DATA FOR REVIEW Block Start

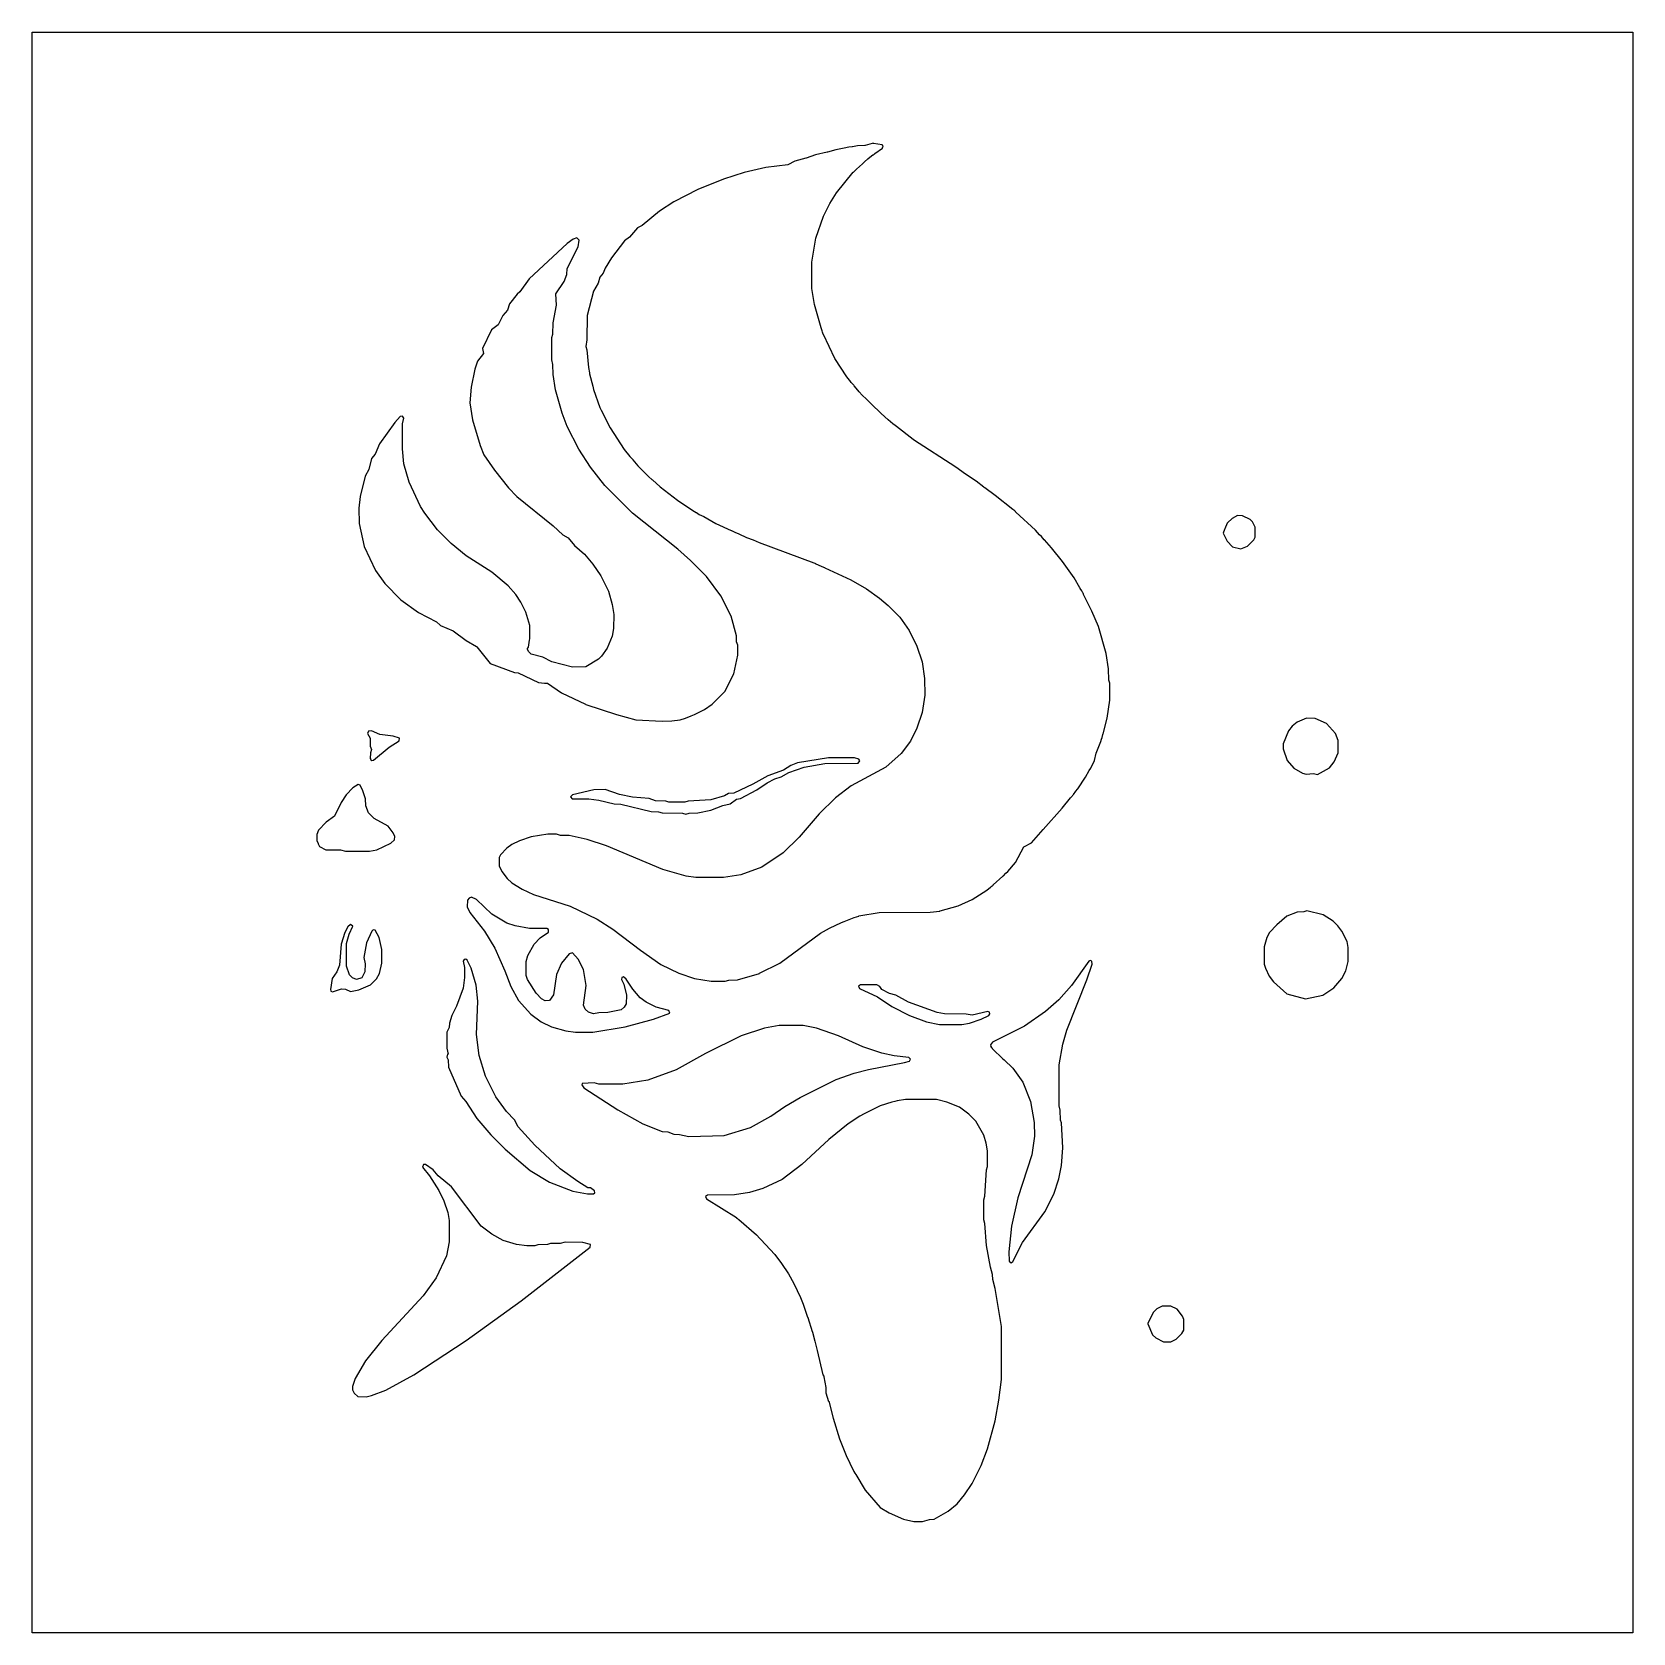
# Model space of a CAD drawing. Header units: millimetres. Extents: x 0 to 300, y 0 to 300.
import ezdxf

# ---------------------------------------------------------------- set-up
doc = ezdxf.new("R2010")
doc.units = ezdxf.units.MM
doc.layers.add('CUT', color=7, linetype='CONTINUOUS')

msp = doc.modelspace()

# ---------------------------------------------------------------- linework, layer by layer
at = {"layer": 'CUT'}
for points in [[(300, 0), (0, 0), (0, 300), (300, 300)], [(127.25, 122.16), (127.47, 122.16), (127.48, 122.16), (127.54, 122.15), (129.87, 122.15), (130.58, 122.36), (132.2, 122.4), (136.29, 123.6), (136.3, 123.6), (136.32, 123.61), (140.11, 125.51), (147.77, 131.14), (149.43, 132.1), (151.68, 133.15), (152.18, 133.35), (154.03, 134.09), (154.06, 134.1), (154.07, 134.1), (154.92, 134.35), (154.93, 134.36), (154.94, 134.36), (158.74, 135), (168.32, 135.06), (170.13, 135.29), (170.14, 135.3), (170.15, 135.3), (170.16, 135.3), (170.17, 135.3), (173.56, 136.26), (176.18, 137.46), (178.89, 139.19), (179.62, 139.77), (179.65, 139.79), (179.79, 139.88), (179.92, 140), (179.93, 140.01), (179.95, 140.03), (180.12, 140.16), (180.13, 140.19), (181.92, 141.82), (182.06, 141.85), (182.51, 142.36), (182.87, 142.69), (184.3, 144.4), (185.85, 147.29), (187.32, 148.08), (189.49, 150.58), (193.03, 154.54), (194.59, 156.48), (194.65, 156.55), (195.2, 157.18), (195.21, 157.19), (195.21, 157.2), (195.23, 157.22), (195.51, 157.63), (195.55, 157.68), (195.56, 157.69), (195.96, 158.18), (197.42, 160.34), (197.42, 160.35), (197.44, 160.38), (198.09, 161.6), (198.1, 161.61), (198.11, 161.62), (198.12, 161.64), (198.39, 162.05), (199.11, 163.49), (199.43, 164.87), (200.31, 167.07), (200.42, 167.46), (200.55, 167.81), (200.67, 168.39), (200.68, 168.43), (200.68, 168.44), (200.69, 168.49), (201.5, 171.4), (201.98, 174.79), (201.98, 174.85), (201.98, 177.99), (201.79, 178.54), (201.74, 180.64), (201.27, 183.55), (199.82, 188.6), (198.62, 191.5), (197.06, 194.61), (197.05, 194.63), (197.04, 194.65), (197.03, 194.66), (196.96, 194.83), (196.9, 194.94), (196.72, 195.29), (196.43, 195.73), (196.41, 195.76), (196.39, 195.79), (196.37, 195.83), (195.27, 197.71), (193.12, 200.79), (191.06, 203.34), (189.71, 204.82), (189.69, 204.84), (189.68, 204.85), (189.14, 205.49), (188.82, 205.8), (188.03, 206.66), (184.38, 210.03), (184.35, 210.05), (184.33, 210.07), (184.3, 210.1), (184.25, 210.15), (184.24, 210.16), (184.14, 210.25), (183.82, 210.5), (180.5, 213.17), (178.53, 214.57), (178.52, 214.57), (178.4, 214.66), (178.36, 214.69), (176.92, 215.81), (174.93, 217.13), (173.1, 218.43), (165.16, 223.61), (165.14, 223.62), (162.02, 226.06), (161.75, 226.27), (161.33, 226.6), (160.41, 227.32), (159.09, 228.49), (157.24, 230.33), (156.93, 230.64), (156.35, 231.22), (155.59, 231.97), (155.01, 232.55), (154.97, 232.6), (154.43, 233.25), (154.08, 233.67), (153.97, 233.8), (153.52, 234.34), (153.36, 234.53), (153.24, 234.68), (153.16, 234.78), (152.67, 235.38), (152.66, 235.39), (150.46, 238.81), (148.3, 243.34), (148.29, 243.36), (148.28, 243.37), (148.2, 243.6), (148.14, 243.78), (148.06, 244), (147.85, 244.59), (146.61, 248.93), (146.13, 251.92), (146.13, 256.86), (146.86, 261.35), (146.87, 261.38), (148.32, 265.49), (149.51, 267.86), (150.76, 269.85), (153.89, 273.71), (153.91, 273.73), (154.25, 274.08), (154.5, 274.31), (155.63, 275.32), (156, 275.66), (156.62, 276.22), (157, 276.55), (157.57, 276.96), (157.63, 277), (157.78, 277.11), (157.93, 277.22), (159.37, 278.24), (159.37, 278.25), (159.4, 278.27), (159.49, 278.6), (159.39, 278.74), (159.39, 278.79), (159.34, 278.8), (159.29, 278.87), (157.68, 279.14), (157.63, 279.15), (157.62, 279.15), (157.42, 279.09), (156.13, 278.71), (156.09, 278.71), (154.7, 278.65), (153.74, 278.48), (153.69, 278.47), (153.67, 278.47), (153.66, 278.47), (153.03, 278.41), (152.19, 278.22), (150.63, 277.95), (149.07, 277.51), (149.06, 277.5), (149.05, 277.5), (149.01, 277.49), (146.81, 276.99), (145.04, 276.37), (145.03, 276.37), (142.95, 275.78), (141.63, 275.13), (137.5, 274.6), (133.43, 273.65), (129.57, 272.45), (124.76, 270.52), (120.26, 268.15), (117.59, 266.45), (114.33, 263.76), (113.47, 263.28), (111.95, 261.57), (111.01, 260.84), (108.58, 257.67), (107.38, 255.74), (107.04, 254.82), (106.42, 254.07), (106.08, 252.91), (105.21, 251.43), (104.03, 246.87), (103.98, 242.31), (103.76, 241.07), (103.97, 240.46), (104.25, 237.12), (104.48, 236.12), (104.48, 235.96), (105.06, 233.62), (105.2, 233.04), (105.22, 233), (106.42, 229.63), (106.65, 229.17), (108.32, 225.84), (110.97, 221.77), (112.01, 220.48), (112.47, 219.99), (112.51, 219.94), (112.57, 219.87), (112.61, 219.82), (113.53, 218.72), (114.39, 217.85), (114.42, 217.82), (114.45, 217.79), (114.48, 217.76), (114.74, 217.46), (115.04, 217.18), (115.56, 216.66), (116.16, 216.17), (116.17, 216.17), (116.26, 216.09), (116.28, 216.07), (117.7, 214.77), (120.93, 212.27), (123.81, 210.34), (124.44, 209.99), (124.46, 209.98), (124.5, 209.96), (125.03, 209.61), (125.86, 209.19), (128.12, 207.93), (130.99, 206.62), (131.01, 206.61), (131.02, 206.6), (131.08, 206.58), (131.69, 206.27), (132.42, 205.96), (133.87, 205.3), (135.14, 204.82), (136.26, 204.35), (146.48, 200.54), (146.72, 200.45), (146.73, 200.44), (146.76, 200.43), (146.77, 200.43), (148, 199.86), (148.5, 199.63), (148.57, 199.59), (148.58, 199.59), (153.44, 197.33), (156.34, 195.64), (158.8, 193.9), (160.45, 192.51), (162.6, 190.32), (164.36, 187.85), (165.82, 184.93), (166.79, 182), (167.27, 178.85), (167.28, 175.75), (166.79, 172.48), (165.82, 169.54), (164.61, 167.12), (162.85, 164.83), (160, 162.25), (153.47, 158.72), (150.54, 156.5), (147.5, 153.48), (143.78, 149.1), (140.78, 146.18), (136.74, 143.53), (132.85, 142.08), (129.59, 141.56), (124.38, 141.57), (122.55, 141.82), (118.19, 143.04), (107.62, 147.5), (104.01, 148.7), (100.66, 149.41), (99.03, 149.45), (98.28, 149.67), (96.68, 149.66), (93.54, 149.18), (91.35, 148.46), (89.91, 147.74), (88.97, 147.05), (87.76, 145.8), (87.53, 145.29), (87.53, 143.73), (88.03, 142.67), (89.06, 141.38), (89.91, 140.58), (91.82, 139.37), (93.98, 138.41), (100.85, 136.18), (105.9, 133.78), (108.85, 131.87), (114, 127.93), (117.84, 125.29), (121.18, 123.61), (124.12, 122.64)], [(84.08, 183.88), (85.82, 181.68), (85.84, 181.67), (85.85, 181.66), (90.38, 179.99), (91.09, 179.89), (94.91, 178.08), (96.04, 178.01), (96.05, 178.01), (96.07, 178.01), (96.22, 178), (96.62, 177.96), (99.24, 176.16), (103.74, 174.02), (103.77, 174.01), (109.53, 172.09), (113.15, 171.14), (118.1, 170.88), (119.91, 170.9), (121.44, 171.14), (122.47, 171.4), (123.5, 171.88), (124.14, 172.11), (126.01, 173.05), (127.46, 174.04), (127.48, 174.06), (127.52, 174.09), (129.84, 176.43), (131.5, 179.73), (132.23, 183.21), (132.23, 185.09), (132.02, 185.72), (131.99, 186.88), (131.02, 190.51), (129.09, 194.36), (126.41, 197.98), (123.42, 201), (121.03, 203.12), (112.55, 209.82), (107.34, 215.03), (104.64, 218.43), (102.46, 221.81), (100.3, 226.11), (99.33, 228.55), (98.11, 232.92), (97.63, 235.84), (97.59, 237.72), (97.38, 238.57), (97.39, 242.78), (97.59, 243.4), (97.63, 245.49), (98.3, 248.81), (98.15, 250.92), (99.71, 253.28), (100.21, 254.54), (100.29, 255.68), (102.34, 259.75), (102.52, 260.98), (102.1, 261.44), (101.39, 261.21), (100.31, 260.39), (93.15, 253.74), (91.42, 251.33), (90.88, 250.9), (89.47, 249.07), (89.1, 247.85), (88.25, 246.88), (87.38, 245.15), (86.08, 244.17), (84.43, 240.68), (84.6, 239.77), (83.49, 238.3), (82.99, 236.84), (82.27, 233.46), (82.01, 230.54), (82.51, 227.31), (83.95, 222.5), (84.69, 220.79), (86.64, 217.88), (89.27, 214.56), (90.86, 212.95), (97.67, 207.48), (99.46, 205.81), (100.49, 205.19), (101.64, 203.81), (103.53, 202.13), (105.08, 200.29), (106.56, 198.09), (108, 195.21), (108.74, 192.75), (109.01, 190.82), (108.99, 188.21), (108.73, 186.78), (107.75, 184.56), (106.73, 183.04), (106.16, 182.48), (103.75, 181.04), (101.3, 180.98), (97.4, 181.98), (95.69, 182.85), (93.55, 183.42), (93.03, 183.89), (92.84, 184.34), (92.87, 184.47), (93.03, 184.74), (93.23, 186.03), (93.28, 186.26), (93.28, 186.37), (93.29, 186.44), (93.28, 186.65), (93.27, 188.8), (92.55, 191.26), (91.6, 193.14), (90.63, 194.58), (89.25, 196.25), (86.18, 198.81), (81.33, 201.85), (78.54, 204.13), (76.01, 206.69), (73.58, 209.82), (72.81, 211.1), (70.66, 215.65), (69.68, 219.06), (69.41, 221.88), (69.43, 226.57), (69.65, 227.66), (69.4, 228.01), (69.01, 227.94), (67.96, 226.82), (65.11, 222.81), (64.28, 220.9), (63.64, 220.11), (63.09, 218.04), (62.44, 216.77), (61.49, 212.94), (61.23, 210.76), (61.29, 207.91), (62.21, 203.62), (64.36, 199.08), (66.1, 196.65), (69.14, 193.61), (72.44, 191.23), (75.77, 189.45), (76.51, 188.85), (76.54, 188.82), (78.9, 187.77), (81.33, 185.96), (83.32, 184.83), (83.33, 184.82)], [(224.87, 208.87), (224.02, 208.03), (223.98, 207.99), (223.54, 206.89), (223.48, 206.75), (223.21, 206.12), (223.22, 206.1), (223.21, 206.08), (223.96, 204.59), (224.98, 203.51), (226.52, 203.14), (227.78, 203.64), (228.96, 204.82), (229.22, 205.36), (229.21, 207.2), (228.73, 208.2), (228.28, 208.65), (226.84, 209.37), (225.89, 209.38)], [(242.6, 170.42), (240.42, 171.39), (238.82, 171.4), (237.05, 170.65), (236.14, 169.92), (235.46, 169.06), (234.47, 166.62), (234.45, 165.72), (234.45, 165.68), (235.17, 163.51), (236.44, 162.05), (238.07, 161.1), (238.77, 160.93), (240.15, 161.07), (240.86, 160.85), (243.12, 162.09), (244.02, 163.25), (244.74, 164.94), (244.75, 167.27), (244.24, 168.57)], [(63.39, 166.2), (63.62, 165.56), (63.4, 164.9), (63.37, 163.88), (63.37, 163.84), (63.47, 163.7), (63.48, 163.68), (63.48, 163.67), (63.56, 163.52), (63.59, 163.52), (63.6, 163.5), (63.97, 163.53), (66.93, 165.96), (68.8, 167.16), (68.87, 167.65), (67.67, 168.05), (65.18, 168.35), (63.6, 169.02), (63.05, 168.98), (62.88, 168.58), (63.34, 167.69)], [(123.11, 153.65), (124.75, 153.69), (127.21, 154.18), (129.42, 155.06), (130.81, 155.39), (131.99, 156.23), (132.75, 156.35), (135.81, 158), (137.73, 159.33), (139.2, 160.08), (140.39, 160.41), (141.84, 161.27), (144.72, 162.23), (148.55, 162.96), (154.79, 163), (155.14, 163.44), (154.92, 163.74), (154.14, 163.98), (149.27, 163.99), (143.46, 163.04), (142.2, 162.54), (140.8, 161.69), (137.9, 160.63), (135.07, 159.06), (131.48, 157.39), (130.52, 157.29), (129.75, 156.89), (127.22, 156.15), (122.96, 155.87), (122.31, 155.66), (119.34, 155.67), (118.76, 155.87), (116.83, 155.92), (115.66, 156.35), (112.54, 156.63), (110.1, 157.12), (107.39, 158.03), (105.27, 158.01), (101.29, 157.08), (100.92, 156.7), (101.23, 156.31), (104.35, 156.28), (106.23, 156.04), (109.08, 155.37), (110.35, 155.31), (116, 153.94), (117.39, 153.9), (118.07, 153.69), (121.88, 153.65), (122.52, 153.44)], [(64.13, 152.63), (63.05, 153.71), (62.53, 155), (62.46, 156.31), (61.98, 157.78), (61.49, 158.84), (61.13, 159.01), (60.13, 158.34), (58.88, 157.07), (57.91, 155.63), (56.68, 153.03), (55.15, 151.92), (53.67, 150.44), (53.36, 149.6), (53.36, 148.52), (53.37, 148.5), (53.37, 148.48), (53.56, 148.09), (53.6, 148.01), (53.62, 147.96), (53.65, 147.89), (53.88, 147.39), (53.9, 147.38), (55.06, 146.78), (57.8, 146.73), (58.73, 146.52), (63.22, 146.53), (64.62, 146.78), (67.24, 147.97), (67.91, 148.62), (67.97, 149.25), (67.7, 149.93), (66.72, 151.16)], [(105.1, 112.6), (111.17, 113.56), (116.46, 115), (119.49, 116.13), (119.35, 116.66), (116.94, 117.26), (115.07, 118.2), (113.98, 119.01), (112.56, 120.67), (111.35, 122.54), (110.85, 122.93), (110.54, 122.8), (110.45, 122.47), (110.88, 121.59), (111.39, 119.5), (111.36, 117.89), (110.97, 117.24), (110.37, 116.74), (107.87, 116.25), (106.24, 116.21), (105.22, 115.99), (104.27, 116.31), (103.67, 116.91), (103.35, 117.65), (103.81, 121.36), (103.32, 124.3), (102.34, 126.27), (101.31, 127.45), (100.67, 127.24), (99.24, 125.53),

DATA FOR REVIEW Block End

■ EXERCISE DESCRIPTION: Copy out every line from the material above where the string "units" turns up.

■ WRITTEN SOLUTION:
# Model space of a CAD drawing. Header units: millimetres. Extents: x 0 to 300, y 0 to 300.
doc.units = ezdxf.units.MM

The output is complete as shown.